Step 6: Step Six: Mouth
I wanted the mouth on my mask to be raised, to give it some more dimension and to look cooler. To do this, you'll need to cut thin strips of Paris Craft, dip them in your warm water and roll them up to look like a worm. I wanted mine to go all the way across, so I cut mine a length going from the mouth hole to the cheekbones. Once you cut the piece to your desired length, dip them in water roll it into a worm, and blend it on the face. You may need to cut little pieces of Paris Craft to help it stay in place if it doesn't blend easily. Do this on both sides and the top and bottom to look like a mouth.
Step 7: Step Seven: Teeth
For the teeth, you want to take a thin strip of Paris Craft (similar to the ones for the mouth), dip it in the water, and bunch it up into a ball and shape it into a little triangle. Sometimes they don't hold their shape if it's too wet, so pressing it on a paper towel to get some water out might help. Don't dry it out too much though, because you need to blend them to the mouth. To do that, you just position it where you want in on the mouth and smooth it down. You can add a small square of Paris Craft to stabilize them if needed. Make the ones near the end smaller, and the ones in the front larger. Position them outward a little bit so you can still have room for your mouth, but put the teeth over the mouth hole. It might be tricky getting them to stay at first, but you'll get the hang of it!
Step 8: Step Eight: Modge Podge
This step is easy, just use a paintbrush and paint a thin layer of modge podge over the entire mask. This helps the paint go on smoother.

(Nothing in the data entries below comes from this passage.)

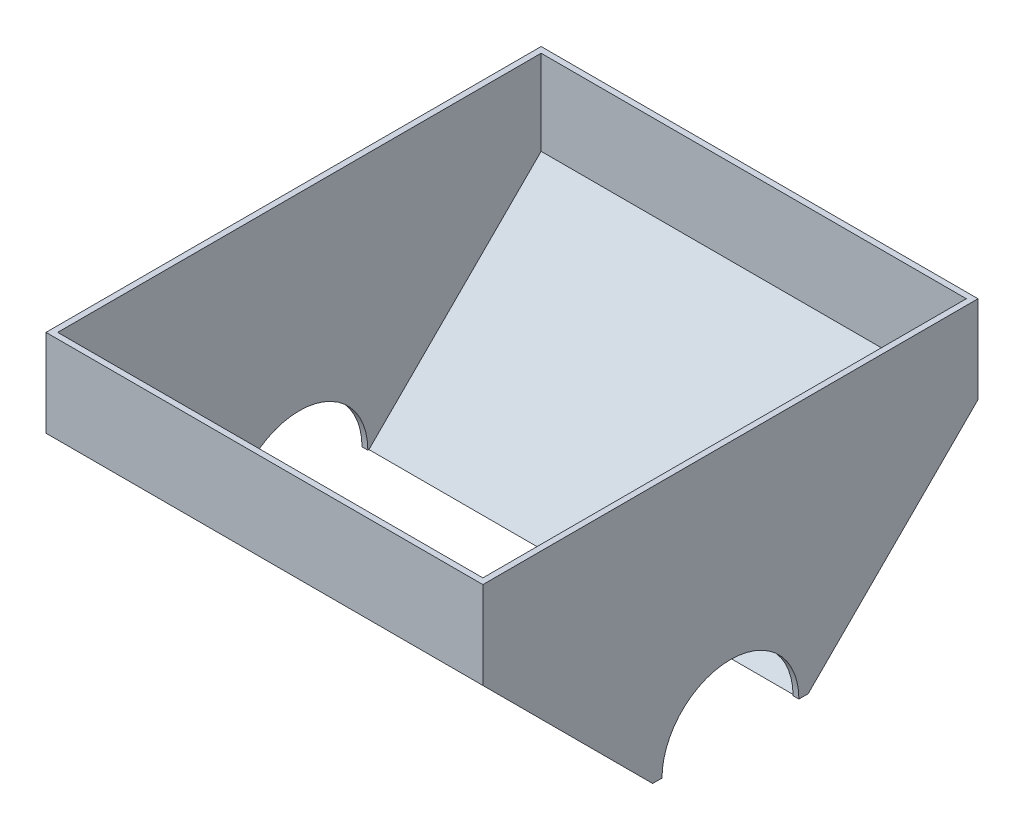
ISO-10303-21;
HEADER;
FILE_DESCRIPTION(('STEP AP214'),'2;1');
FILE_NAME('part.step','',(''),(''),'','','');
FILE_SCHEMA(('AUTOMOTIVE_DESIGN { 1 0 10303 214 1 1 1 1 }'));
ENDSEC;
DATA;
#1=APPLICATION_CONTEXT('core data for automotive mechanical design processes');
#2=APPLICATION_PROTOCOL_DEFINITION('international standard','automotive_design',2000,#1);
#3=PRODUCT_CONTEXT('',#1,'mechanical');
#4=PRODUCT('Part','Part','',(#3));
#5=PRODUCT_RELATED_PRODUCT_CATEGORY('part','',(#4));
#6=PRODUCT_DEFINITION_FORMATION('','',#4);
#7=PRODUCT_DEFINITION_CONTEXT('part definition',#1,'design');
#8=PRODUCT_DEFINITION('design','',#6,#7);
#9=PRODUCT_DEFINITION_SHAPE('','',#8);
#10=(LENGTH_UNIT() NAMED_UNIT(*) SI_UNIT(.MILLI.,.METRE.));
#11=(NAMED_UNIT(*) PLANE_ANGLE_UNIT() SI_UNIT($,.RADIAN.));
#12=(NAMED_UNIT(*) SI_UNIT($,.STERADIAN.) SOLID_ANGLE_UNIT());
#13=UNCERTAINTY_MEASURE_WITH_UNIT(LENGTH_MEASURE(1.E-05),#10,'distance_accuracy_value','');
#14=(GEOMETRIC_REPRESENTATION_CONTEXT(3) GLOBAL_UNCERTAINTY_ASSIGNED_CONTEXT((#13)) GLOBAL_UNIT_ASSIGNED_CONTEXT((#10,
#11,#12)) REPRESENTATION_CONTEXT('',''));
#15=CARTESIAN_POINT('',(0.,0.,0.));
#16=DIRECTION('',(0.,0.,1.));
#17=DIRECTION('',(1.,0.,0.));
#18=AXIS2_PLACEMENT_3D('',#15,#16,#17);
#19=CARTESIAN_POINT('',(75.,-88.2952718109188,26.704728189081));
#20=DIRECTION('',(0.,1.,0.));
#21=DIRECTION('',(0.,0.,1.));
#22=AXIS2_PLACEMENT_3D('',#19,#20,#21);
#23=PLANE('',#22);
#24=DIRECTION('',(0.,0.,-1.));
#25=VECTOR('',#24,1.);
#26=CARTESIAN_POINT('',(-75.,-88.2952718109188,26.704728189081));
#27=LINE('',#26,#25);
#28=CARTESIAN_POINT('',(-75.,-88.2952718109188,26.704728189081));
#29=VERTEX_POINT('',#28);
#30=CARTESIAN_POINT('',(-75.,-88.2952718109188,23.5));
#31=VERTEX_POINT('',#30);
#32=EDGE_CURVE('E180',#29,#31,#27,.T.);
#33=ORIENTED_EDGE('',*,*,#32,.T.);
#34=DIRECTION('',(1.,0.,0.));
#35=VECTOR('',#34,1.);
#36=CARTESIAN_POINT('',(-75.,-88.2952718109188,23.5));
#37=LINE('',#36,#35);
#38=CARTESIAN_POINT('',(-73.,-88.2952718109188,23.5));
#39=VERTEX_POINT('',#38);
#40=EDGE_CURVE('E155',#31,#39,#37,.T.);
#41=ORIENTED_EDGE('',*,*,#40,.T.);
#42=DIRECTION('',(0.,0.,-1.));
#43=VECTOR('',#42,1.);
#44=CARTESIAN_POINT('',(-73.,-88.2952718109188,26.704728189081));
#45=LINE('',#44,#43);
#46=CARTESIAN_POINT('',(-73.,-88.2952718109188,23.8763010643348));
#47=VERTEX_POINT('',#46);
#48=EDGE_CURVE('E267',#47,#39,#45,.T.);
#49=ORIENTED_EDGE('',*,*,#48,.F.);
#50=DIRECTION('',(-1.,0.,0.));
#51=VECTOR('',#50,1.);
#52=CARTESIAN_POINT('',(75.,-88.2952718109188,23.8763010643348));
#53=LINE('',#52,#51);
#54=CARTESIAN_POINT('',(73.,-88.2952718109188,23.8763010643348));
#55=VERTEX_POINT('',#54);
#56=EDGE_CURVE('E265',#55,#47,#53,.T.);
#57=ORIENTED_EDGE('',*,*,#56,.F.);
#58=DIRECTION('',(0.,0.,-1.));
#59=VECTOR('',#58,1.);
#60=CARTESIAN_POINT('',(73.,-88.2952718109188,26.704728189081));
#61=LINE('',#60,#59);
#62=CARTESIAN_POINT('',(73.,-88.2952718109188,23.5));
#63=VERTEX_POINT('',#62);
#64=EDGE_CURVE('E256',#55,#63,#61,.T.);
#65=ORIENTED_EDGE('',*,*,#64,.T.);
#66=CARTESIAN_POINT('',(75.,-88.2952718109188,23.5));
#67=VERTEX_POINT('',#66);
#68=EDGE_CURVE('E57',#63,#67,#37,.T.);
#69=ORIENTED_EDGE('',*,*,#68,.T.);
#70=DIRECTION('',(0.,0.,-1.));
#71=VECTOR('',#70,1.);
#72=CARTESIAN_POINT('',(75.,-88.2952718109188,26.704728189081));
#73=LINE('',#72,#71);
#74=CARTESIAN_POINT('',(75.,-88.2952718109188,26.704728189081));
#75=VERTEX_POINT('',#74);
#76=EDGE_CURVE('E244',#75,#67,#73,.T.);
#77=ORIENTED_EDGE('',*,*,#76,.F.);
#78=DIRECTION('',(-1.,0.,0.));
#79=VECTOR('',#78,1.);
#80=CARTESIAN_POINT('',(75.,-88.2952718109188,26.704728189081));
#81=LINE('',#80,#79);
#82=EDGE_CURVE('E210',#75,#29,#81,.T.);
#83=ORIENTED_EDGE('',*,*,#82,.T.);
#84=EDGE_LOOP('',(#33,#41,#49,#57,#65,#69,#77,#83));
#85=FACE_BOUND('',#84,.T.);
#86=ADVANCED_FACE('F41',(#85),#23,.F.);
#87=CARTESIAN_POINT('',(75.,-88.2952718109188,-23.5));
#88=VERTEX_POINT('',#87);
#89=CARTESIAN_POINT('',(75.,-88.2952718109188,-26.704728189081));
#90=VERTEX_POINT('',#89);
#91=EDGE_CURVE('E248',#88,#90,#73,.T.);
#92=ORIENTED_EDGE('',*,*,#91,.F.);
#93=DIRECTION('',(1.,0.,0.));
#94=VECTOR('',#93,1.);
#95=CARTESIAN_POINT('',(-75.,-88.2952718109188,-23.5));
#96=LINE('',#95,#94);
#97=CARTESIAN_POINT('',(73.,-88.2952718109188,-23.5));
#98=VERTEX_POINT('',#97);
#99=EDGE_CURVE('E174',#88,#98,#96,.F.);
#100=ORIENTED_EDGE('',*,*,#99,.T.);
#101=CARTESIAN_POINT('',(73.,-88.2952718109188,-23.8763010643348));
#102=VERTEX_POINT('',#101);
#103=EDGE_CURVE('E261',#98,#102,#61,.T.);
#104=ORIENTED_EDGE('',*,*,#103,.T.);
#105=DIRECTION('',(-1.,0.,0.));
#106=VECTOR('',#105,1.);
#107=CARTESIAN_POINT('',(75.,-88.2952718109188,-23.8763010643348));
#108=LINE('',#107,#106);
#109=CARTESIAN_POINT('',(-73.,-88.2952718109188,-23.8763010643348));
#110=VERTEX_POINT('',#109);
#111=EDGE_CURVE('E262',#102,#110,#108,.T.);
#112=ORIENTED_EDGE('',*,*,#111,.T.);
#113=CARTESIAN_POINT('',(-73.,-88.2952718109188,-23.5));
#114=VERTEX_POINT('',#113);
#115=EDGE_CURVE('E171',#114,#110,#45,.T.);
#116=ORIENTED_EDGE('',*,*,#115,.F.);
#117=CARTESIAN_POINT('',(-75.,-88.2952718109188,-23.5));
#118=VERTEX_POINT('',#117);
#119=EDGE_CURVE('E64',#114,#118,#96,.F.);
#120=ORIENTED_EDGE('',*,*,#119,.T.);
#121=CARTESIAN_POINT('',(-75.,-88.2952718109188,-26.704728189081));
#122=VERTEX_POINT('',#121);
#123=EDGE_CURVE('E168',#118,#122,#27,.T.);
#124=ORIENTED_EDGE('',*,*,#123,.T.);
#125=DIRECTION('',(-1.,0.,0.));
#126=VECTOR('',#125,1.);
#127=CARTESIAN_POINT('',(75.,-88.2952718109188,-26.704728189081));
#128=LINE('',#127,#126);
#129=EDGE_CURVE('E207',#90,#122,#128,.T.);
#130=ORIENTED_EDGE('',*,*,#129,.F.);
#131=EDGE_LOOP('',(#92,#100,#104,#112,#116,#120,#124,#130));
#132=FACE_BOUND('',#131,.T.);
#133=ADVANCED_FACE('F166',(#132),#23,.F.);
#134=CARTESIAN_POINT('',(75.,0.,0.));
#135=DIRECTION('',(0.,-1.,0.));
#136=DIRECTION('',(0.,0.,-1.));
#137=AXIS2_PLACEMENT_3D('',#134,#135,#136);
#138=PLANE('',#137);
#139=DIRECTION('',(0.,0.,1.));
#140=VECTOR('',#139,1.);
#141=CARTESIAN_POINT('',(-75.,0.,0.));
#142=LINE('',#141,#140);
#143=CARTESIAN_POINT('',(-75.,0.,-85.));
#144=VERTEX_POINT('',#143);
#145=CARTESIAN_POINT('',(-75.,0.,85.));
#146=VERTEX_POINT('',#145);
#147=EDGE_CURVE('E194',#144,#146,#142,.T.);
#148=ORIENTED_EDGE('',*,*,#147,.T.);
#149=DIRECTION('',(-1.,0.,0.));
#150=VECTOR('',#149,1.);
#151=CARTESIAN_POINT('',(75.,0.,85.));
#152=LINE('',#151,#150);
#153=CARTESIAN_POINT('',(75.,0.,85.));
#154=VERTEX_POINT('',#153);
#155=EDGE_CURVE('E50',#154,#146,#152,.T.);
#156=ORIENTED_EDGE('',*,*,#155,.F.);
#157=DIRECTION('',(0.,0.,1.));
#158=VECTOR('',#157,1.);
#159=CARTESIAN_POINT('',(75.,0.,0.));
#160=LINE('',#159,#158);
#161=CARTESIAN_POINT('',(75.,0.,-85.));
#162=VERTEX_POINT('',#161);
#163=EDGE_CURVE('E197',#162,#154,#160,.T.);
#164=ORIENTED_EDGE('',*,*,#163,.F.);
#165=DIRECTION('',(-1.,0.,0.));
#166=VECTOR('',#165,1.);
#167=CARTESIAN_POINT('',(75.,0.,-85.));
#168=LINE('',#167,#166);
#169=EDGE_CURVE('E198',#162,#144,#168,.T.);
#170=ORIENTED_EDGE('',*,*,#169,.T.);
#171=EDGE_LOOP('',(#148,#156,#164,#170));
#172=FACE_BOUND('',#171,.T.);
#173=DIRECTION('',(0.,0.,1.));
#174=VECTOR('',#173,1.);
#175=CARTESIAN_POINT('',(-73.,0.,0.));
#176=LINE('',#175,#174);
#177=CARTESIAN_POINT('',(-73.,0.,-83.));
#178=VERTEX_POINT('',#177);
#179=CARTESIAN_POINT('',(-73.,0.,83.));
#180=VERTEX_POINT('',#179);
#181=EDGE_CURVE('E275',#178,#180,#176,.T.);
#182=ORIENTED_EDGE('',*,*,#181,.F.);
#183=DIRECTION('',(-1.,0.,0.));
#184=VECTOR('',#183,1.);
#185=CARTESIAN_POINT('',(75.,0.,-83.));
#186=LINE('',#185,#184);
#187=CARTESIAN_POINT('',(73.,0.,-83.));
#188=VERTEX_POINT('',#187);
#189=EDGE_CURVE('E280',#188,#178,#186,.T.);
#190=ORIENTED_EDGE('',*,*,#189,.F.);
#191=DIRECTION('',(0.,0.,1.));
#192=VECTOR('',#191,1.);
#193=CARTESIAN_POINT('',(73.,0.,0.));
#194=LINE('',#193,#192);
#195=CARTESIAN_POINT('',(73.,0.,83.));
#196=VERTEX_POINT('',#195);
#197=EDGE_CURVE('E278',#188,#196,#194,.T.);
#198=ORIENTED_EDGE('',*,*,#197,.T.);
#199=DIRECTION('',(-1.,0.,0.));
#200=VECTOR('',#199,1.);
#201=CARTESIAN_POINT('',(75.,0.,83.));
#202=LINE('',#201,#200);
#203=EDGE_CURVE('E233',#196,#180,#202,.T.);
#204=ORIENTED_EDGE('',*,*,#203,.T.);
#205=EDGE_LOOP('',(#182,#190,#198,#204));
#206=FACE_BOUND('',#205,.T.);
#207=ADVANCED_FACE('F226',(#172,#206),#138,.F.);
#208=CARTESIAN_POINT('',(75.,0.,85.));
#209=DIRECTION('',(0.,0.,-1.));
#210=DIRECTION('',(0.,1.,0.));
#211=AXIS2_PLACEMENT_3D('',#208,#209,#210);
#212=PLANE('',#211);
#213=DIRECTION('',(0.,-1.,0.));
#214=VECTOR('',#213,1.);
#215=CARTESIAN_POINT('',(-75.,0.,85.));
#216=LINE('',#215,#214);
#217=CARTESIAN_POINT('',(-75.,-30.,85.));
#218=VERTEX_POINT('',#217);
#219=EDGE_CURVE('E185',#146,#218,#216,.T.);
#220=ORIENTED_EDGE('',*,*,#219,.T.);
#221=DIRECTION('',(-1.,0.,0.));
#222=VECTOR('',#221,1.);
#223=CARTESIAN_POINT('',(75.,-30.,85.));
#224=LINE('',#223,#222);
#225=CARTESIAN_POINT('',(75.,-30.,85.));
#226=VERTEX_POINT('',#225);
#227=EDGE_CURVE('E214',#226,#218,#224,.T.);
#228=ORIENTED_EDGE('',*,*,#227,.F.);
#229=DIRECTION('',(0.,-1.,0.));
#230=VECTOR('',#229,1.);
#231=CARTESIAN_POINT('',(75.,0.,85.));
#232=LINE('',#231,#230);
#233=EDGE_CURVE('E223',#154,#226,#232,.T.);
#234=ORIENTED_EDGE('',*,*,#233,.F.);
#235=ORIENTED_EDGE('',*,*,#155,.T.);
#236=EDGE_LOOP('',(#220,#228,#234,#235));
#237=FACE_BOUND('',#236,.T.);
#238=ADVANCED_FACE('F43',(#237),#212,.F.);
#239=CARTESIAN_POINT('',(75.,-30.,85.));
#240=DIRECTION('',(0.,0.707106781186549,-0.707106781186546));
#241=DIRECTION('',(0.,0.707106781186546,0.707106781186549));
#242=AXIS2_PLACEMENT_3D('',#239,#240,#241);
#243=PLANE('',#242);
#244=DIRECTION('',(0.,-0.707106781186546,-0.707106781186549));
#245=VECTOR('',#244,1.);
#246=CARTESIAN_POINT('',(-75.,-30.,85.));
#247=LINE('',#246,#245);
#248=EDGE_CURVE('E181',#218,#29,#247,.T.);
#249=ORIENTED_EDGE('',*,*,#248,.T.);
#250=ORIENTED_EDGE('',*,*,#82,.F.);
#251=DIRECTION('',(0.,-0.707106781186546,-0.707106781186549));
#252=VECTOR('',#251,1.);
#253=CARTESIAN_POINT('',(75.,-30.,85.));
#254=LINE('',#253,#252);
#255=EDGE_CURVE('E249',#226,#75,#254,.T.);
#256=ORIENTED_EDGE('',*,*,#255,.F.);
#257=ORIENTED_EDGE('',*,*,#227,.T.);
#258=EDGE_LOOP('',(#249,#250,#256,#257));
#259=FACE_BOUND('',#258,.T.);
#260=ADVANCED_FACE('F333',(#259),#243,.F.);
#261=CARTESIAN_POINT('',(75.,-30.,-85.));
#262=DIRECTION('',(0.,0.707106781186549,0.707106781186546));
#263=DIRECTION('',(0.,-0.707106781186546,0.707106781186549));
#264=AXIS2_PLACEMENT_3D('',#261,#262,#263);
#265=PLANE('',#264);
#266=DIRECTION('',(0.,0.707106781186546,-0.707106781186549));
#267=VECTOR('',#266,1.);
#268=CARTESIAN_POINT('',(-75.,-30.,-85.));
#269=LINE('',#268,#267);
#270=CARTESIAN_POINT('',(-75.,-30.,-85.));
#271=VERTEX_POINT('',#270);
#272=EDGE_CURVE('E178',#122,#271,#269,.T.);
#273=ORIENTED_EDGE('',*,*,#272,.T.);
#274=DIRECTION('',(-1.,0.,0.));
#275=VECTOR('',#274,1.);
#276=CARTESIAN_POINT('',(75.,-30.,-85.));
#277=LINE('',#276,#275);
#278=CARTESIAN_POINT('',(75.,-30.,-85.));
#279=VERTEX_POINT('',#278);
#280=EDGE_CURVE('E202',#279,#271,#277,.T.);
#281=ORIENTED_EDGE('',*,*,#280,.F.);
#282=DIRECTION('',(0.,0.707106781186546,-0.707106781186549));
#283=VECTOR('',#282,1.);
#284=CARTESIAN_POINT('',(75.,-30.,-85.));
#285=LINE('',#284,#283);
#286=EDGE_CURVE('E241',#90,#279,#285,.T.);
#287=ORIENTED_EDGE('',*,*,#286,.F.);
#288=ORIENTED_EDGE('',*,*,#129,.T.);
#289=EDGE_LOOP('',(#273,#281,#287,#288));
#290=FACE_BOUND('',#289,.T.);
#291=ADVANCED_FACE('F378',(#290),#265,.F.);
#292=CARTESIAN_POINT('',(75.,0.,-85.));
#293=DIRECTION('',(0.,0.,1.));
#294=DIRECTION('',(0.,-1.,0.));
#295=AXIS2_PLACEMENT_3D('',#292,#293,#294);
#296=PLANE('',#295);
#297=DIRECTION('',(0.,1.,0.));
#298=VECTOR('',#297,1.);
#299=CARTESIAN_POINT('',(-75.,0.,-85.));
#300=LINE('',#299,#298);
#301=EDGE_CURVE('E191',#271,#144,#300,.T.);
#302=ORIENTED_EDGE('',*,*,#301,.T.);
#303=ORIENTED_EDGE('',*,*,#169,.F.);
#304=DIRECTION('',(0.,1.,0.));
#305=VECTOR('',#304,1.);
#306=CARTESIAN_POINT('',(75.,0.,-85.));
#307=LINE('',#306,#305);
#308=EDGE_CURVE('E203',#279,#162,#307,.T.);
#309=ORIENTED_EDGE('',*,*,#308,.F.);
#310=ORIENTED_EDGE('',*,*,#280,.T.);
#311=EDGE_LOOP('',(#302,#303,#309,#310));
#312=FACE_BOUND('',#311,.T.);
#313=ADVANCED_FACE('F383',(#312),#296,.F.);
#314=CARTESIAN_POINT('',(75.,0.,0.));
#315=DIRECTION('',(1.,0.,0.));
#316=DIRECTION('',(0.,0.,-1.));
#317=AXIS2_PLACEMENT_3D('',#314,#315,#316);
#318=PLANE('',#317);
#319=CARTESIAN_POINT('',(75.,-88.2952718109188,0.));
#320=DIRECTION('',(1.,0.,0.));
#321=DIRECTION('',(0.,0.,-1.));
#322=AXIS2_PLACEMENT_3D('',#319,#320,#321);
#323=CIRCLE('',#322,23.5);
#324=EDGE_CURVE('E161',#88,#67,#323,.T.);
#325=ORIENTED_EDGE('',*,*,#324,.F.);
#326=ORIENTED_EDGE('',*,*,#91,.T.);
#327=ORIENTED_EDGE('',*,*,#286,.T.);
#328=ORIENTED_EDGE('',*,*,#308,.T.);
#329=ORIENTED_EDGE('',*,*,#163,.T.);
#330=ORIENTED_EDGE('',*,*,#233,.T.);
#331=ORIENTED_EDGE('',*,*,#255,.T.);
#332=ORIENTED_EDGE('',*,*,#76,.T.);
#333=EDGE_LOOP('',(#325,#326,#327,#328,#329,#330,#331,#332));
#334=FACE_BOUND('',#333,.T.);
#335=ADVANCED_FACE('F329',(#334),#318,.T.);
#336=CARTESIAN_POINT('',(-75.,0.,0.));
#337=DIRECTION('',(1.,0.,0.));
#338=DIRECTION('',(0.,0.,-1.));
#339=AXIS2_PLACEMENT_3D('',#336,#337,#338);
#340=PLANE('',#339);
#341=ORIENTED_EDGE('',*,*,#123,.F.);
#342=CARTESIAN_POINT('',(-75.,-88.2952718109188,0.));
#343=DIRECTION('',(1.,0.,0.));
#344=DIRECTION('',(0.,0.,-1.));
#345=AXIS2_PLACEMENT_3D('',#342,#343,#344);
#346=CIRCLE('',#345,23.5);
#347=EDGE_CURVE('E152',#118,#31,#346,.T.);
#348=ORIENTED_EDGE('',*,*,#347,.T.);
#349=ORIENTED_EDGE('',*,*,#32,.F.);
#350=ORIENTED_EDGE('',*,*,#248,.F.);
#351=ORIENTED_EDGE('',*,*,#219,.F.);
#352=ORIENTED_EDGE('',*,*,#147,.F.);
#353=ORIENTED_EDGE('',*,*,#301,.F.);
#354=ORIENTED_EDGE('',*,*,#272,.F.);
#355=EDGE_LOOP('',(#341,#348,#349,#350,#351,#352,#353,#354));
#356=FACE_BOUND('',#355,.T.);
#357=ADVANCED_FACE('F176',(#356),#340,.F.);
#358=CARTESIAN_POINT('',(75.,0.,83.));
#359=DIRECTION('',(0.,0.,-1.));
#360=DIRECTION('',(0.,1.,0.));
#361=AXIS2_PLACEMENT_3D('',#358,#359,#360);
#362=PLANE('',#361);
#363=DIRECTION('',(0.,-1.,0.));
#364=VECTOR('',#363,1.);
#365=CARTESIAN_POINT('',(-73.,0.,83.));
#366=LINE('',#365,#364);
#367=CARTESIAN_POINT('',(-73.,-29.1715728752538,83.));
#368=VERTEX_POINT('',#367);
#369=EDGE_CURVE('E307',#180,#368,#366,.T.);
#370=ORIENTED_EDGE('',*,*,#369,.F.);
#371=ORIENTED_EDGE('',*,*,#203,.F.);
#372=DIRECTION('',(0.,-1.,0.));
#373=VECTOR('',#372,1.);
#374=CARTESIAN_POINT('',(73.,0.,83.));
#375=LINE('',#374,#373);
#376=CARTESIAN_POINT('',(73.,-29.1715728752538,83.));
#377=VERTEX_POINT('',#376);
#378=EDGE_CURVE('E287',#196,#377,#375,.T.);
#379=ORIENTED_EDGE('',*,*,#378,.T.);
#380=DIRECTION('',(-1.,0.,0.));
#381=VECTOR('',#380,1.);
#382=CARTESIAN_POINT('',(75.,-29.1715728752538,83.));
#383=LINE('',#382,#381);
#384=EDGE_CURVE('E236',#377,#368,#383,.T.);
#385=ORIENTED_EDGE('',*,*,#384,.T.);
#386=EDGE_LOOP('',(#370,#371,#379,#385));
#387=FACE_BOUND('',#386,.T.);
#388=ADVANCED_FACE('F364',(#387),#362,.T.);
#389=CARTESIAN_POINT('',(75.,-28.5857864376269,83.5857864376269));
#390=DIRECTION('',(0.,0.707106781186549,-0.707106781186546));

Step 9: Step Nine: Painting!
With this step, you can get really creative. paint the mask however you want! You can look at your sketch or pictures online to get inspiration. You can use acrylic paint or paint markers. Paint the whole thing white or whatever base color you chose with acrylic paint first. I recommend using paint for the big areas and paint markers for the small areas, although you don't need paint markers. When you want to blend an area, use acrylic paint because paint markers dry fast. For mine, I decided to do a black and red ombre on the horns. For the face, I just went off my sketch but added in some creepy elements, like clown eyes and blood on the teeth. It also helps to stick to a color scheme, I did red, black, and gold for mine.
Step 10: Step Ten: Attaching Elastic
This is the final step! For this, you use your needle tool to poke a hole in the edge of the mask on each side. I did mine right above the part of the cheekbone that sticks out. You then measure the elastic around your head, remember it stretches, so make it small. Once you did that, cut it a little longer than you need, thread it through one hole and tie a knot to the longer part of the elastic. Do the same thing on the other side, and your mask is done! Now you have a super creepy and unique mask for Halloween!